> [Exercise prompt]
Go through the following data and transcribe exactly the stretch of lines from the one holding "line L5 (61.5917, -40.64)" to the one holding "line L5 (6.9454, 0) -> (0, 0)", both included.

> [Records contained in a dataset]
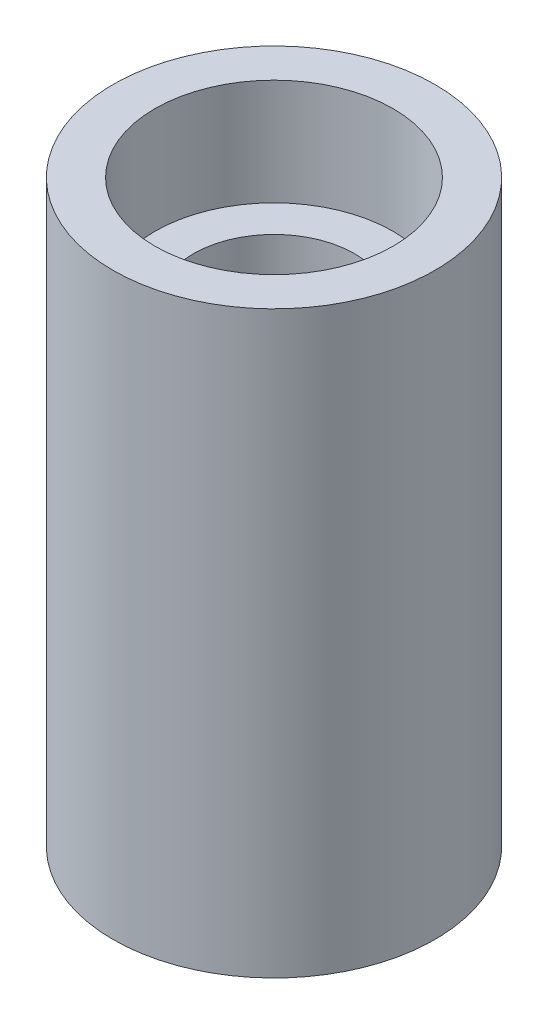
SolidWorks part; units mm, degrees
ref_plane "Front Plane" through (0, 0, 0) normal (0, 0, 1) x (1, 0, 0)
ref_plane "Top Plane" through (0, 0, 0) normal (0, 1, 0) x (1, 0, 0)
ref_plane "Right Plane" through (0, 0, 0) normal (1, 0, 0) x (0, 0, -1)
sketch "Sketch1" plane through (0, 0, 0) normal (0, 1, 0) x (1, 0, 0)
  circle A0 centre (0, 0) radius 5
  circle A1 centre (0, 0) radius 2.5
  dimension "D1" = 10
  dimension "D2" = 5
extrude "Boss-Extrude1" add sketch "Sketch1" along normal blind 18
sketch "Sketch2" plane through (0, 0, 0) normal (0, -1, 0) x (1, 0, 0)
  circle A0 centre (0, 0) radius 2.5 construction
  circle A1 centre (0, 0) radius 2.5
  circle A2 centre (0, 0) radius 3.7
  dimension "D1" = 7.4
extrude "Cut-Extrude1" cut sketch "Sketch2" against normal blind 3.3
extrude "Cut-Extrude2" cut sketch "Sketch2<2>" along normal blind 3.3 from surface starting at face at (0, 18, 5)
sketch "Sketch2<2>" plane through (0, 0, 0) normal (0, -1, 0) x (1, 0, 0) same geometry as "Sketch2"
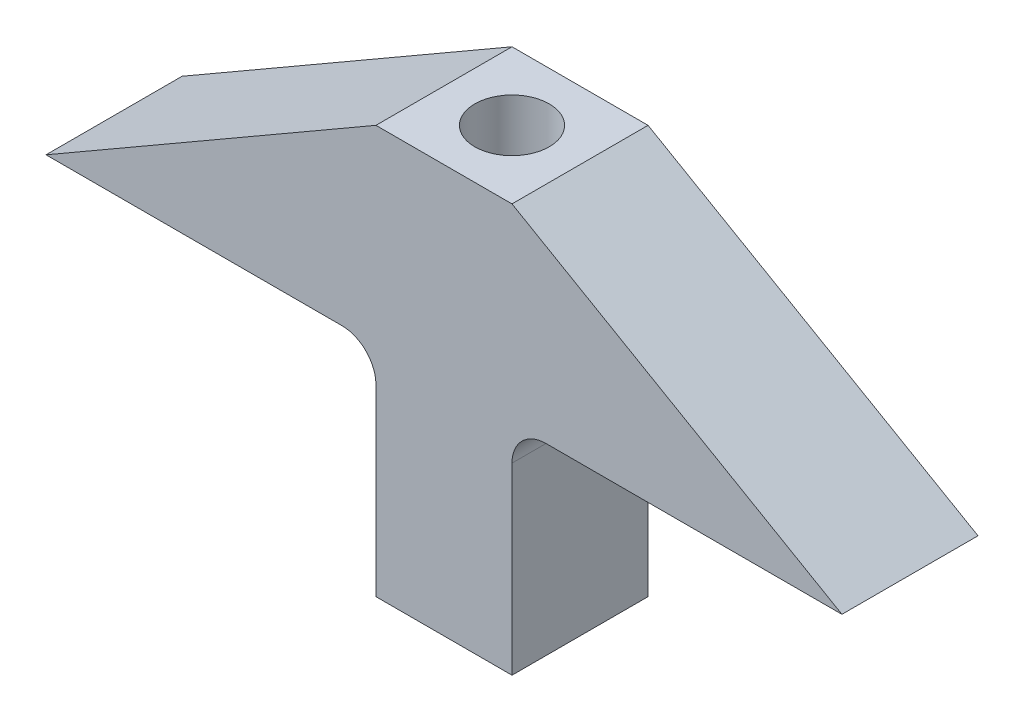
SolidWorks part; units mm, degrees
material "6061-T6 (SS)"
ref_plane "Front Plane" through (0, 0, 0) normal (0, 0, 1) x (1, 0, 0)
ref_plane "Top Plane" through (0, 0, 0) normal (0, 1, 0) x (1, 0, 0)
ref_plane "Right Plane" through (0, 0, 0) normal (1, 0, 0) x (0, 0, -1)
sketch "Sketch1" plane through (0, 0, 0) normal (0, 0, 1) x (1, 0, 0)
  line L0 (0, 0) -> (61.5917, 0)
  line L1 (148.5835, 0) -> (86.9917, 35.56)
  line L2 (86.9917, 35.56) -> (61.5917, 35.56)
  line L3 (61.5917, 35.56) -> (0, 0)
  line L4 (61.5917, 0) -> (61.5917, -40.64)
  line L5 (61.5917, -40.64) -> (86.9917, -40.64)
  line L6 (86.9917, -40.64) -> (86.9917, 0)
  line L7 (86.9917, 0) -> (148.5835, 0)
  point P8 (74.2917, -40.64)
  point P10 (74.2917, 35.56)
  dimension "D1" = 30
  dimension "D2" = 30
  dimension "D3" = 25.4
  dimension "D4" = 35.56
  dimension "D5" = 76.2
  dimension "D6" = 25.4
extrude "Boss-Extrude1" add sketch "Sketch1" along normal blind 25.4
hole_wizard "35/64 (0.54688) Diameter Hole1" positions "Sketch2" profile "Sketch3" hole size "35/64" standard "ANSI Inch"
sketch "Sketch2" plane through (0, 35.56, 0) normal (0, 1, 0) x (1, 0, 0)
  point P0 (74.2917, -12.7)
  dimension "D1" = 12.7
  dimension "D2" = 12.7
sketch "Sketch3" plane through (74.2917, 35.56, 12.7) normal (1, 0, 0) x (0, 0, 1)
  line L0 (0, 0) -> (0, 39.2252)
  line L1 (0, 39.2252) -> (6.9454, 35.052)
  line L2 (6.9454, 35.052) -> (6.9454, 0)
  line L5 (6.9454, 0) -> (0, 0)
  line L10 (0, 39.2252) -> (-6.9454, 35.052) construction
  line L11 (0, -6.35) -> (0, 107.95) construction
  dimension "Hole Dia." = 13.8908
  dimension "Hole Depth" = 35.052
  dimension "Drill Angle" = 118
hole_wizard "#10-32 Tapped Hole1" positions "Sketch4" profile "Sketch5" tap size "#10-32" standard "ANSI Inch"
sketch "Sketch4" plane through (0, -40.64, 0) normal (0, -1, 0) x (-1, 0, 0)
  point P0 (-77.4667, -15.875)
  point P3 (-71.1167, -9.525)
  dimension "D1" = 9.525
  dimension "D2" = 9.525
  dimension "D3" = 9.525
  dimension "D4" = 9.525
sketch "Sketch5" plane through (77.4667, -40.64, 15.875) normal (1, 0, 0) x (0, 0, -1)
  line L0 (0, 0) -> (0, 9.8493)
  line L1 (0, 9.8493) -> (2.0193, 8.636)
  line L2 (2.0193, 8.636) -> (2.0193, 0)
  line L5 (2.0193, 0) -> (0, 0)
  line L10 (0, 9.8493) -> (-2.0193, 8.636) construction
  line L11 (0, -6.35) -> (0, 107.95) construction
  dimension "Tap Drill Dia." = 4.0386
  dimension "Tap Drill Depth" = 8.636
  dimension "Drill Angle" = 118
cosmetic thread "Hole Thread1" parameters "D1"=6.35, "D2"=4.826
cosmetic thread "Hole Thread2" parameters "D1"=6.35, "D2"=4.826
fillet "Fillet1" radius 6.35 2 edges at (86.9917, 0, 12.7) (61.5917, 0, 12.7)

> [Solution for this task]
  line L5 (61.5917, -40.64) -> (86.9917, -40.64)
  line L6 (86.9917, -40.64) -> (86.9917, 0)
  line L7 (86.9917, 0) -> (148.5835, 0)
  point P8 (74.2917, -40.64)
  point P10 (74.2917, 35.56)
  dimension "D1" = 30
  dimension "D2" = 30
  dimension "D3" = 25.4
  dimension "D4" = 35.56
  dimension "D5" = 76.2
  dimension "D6" = 25.4
extrude "Boss-Extrude1" add sketch "Sketch1" along normal blind 25.4
hole_wizard "35/64 (0.54688) Diameter Hole1" positions "Sketch2" profile "Sketch3" hole size "35/64" standard "ANSI Inch"
sketch "Sketch2" plane through (0, 35.56, 0) normal (0, 1, 0) x (1, 0, 0)
  point P0 (74.2917, -12.7)
  dimension "D1" = 12.7
  dimension "D2" = 12.7
sketch "Sketch3" plane through (74.2917, 35.56, 12.7) normal (1, 0, 0) x (0, 0, 1)
  line L0 (0, 0) -> (0, 39.2252)
  line L1 (0, 39.2252) -> (6.9454, 35.052)
  line L2 (6.9454, 35.052) -> (6.9454, 0)
  line L5 (6.9454, 0) -> (0, 0)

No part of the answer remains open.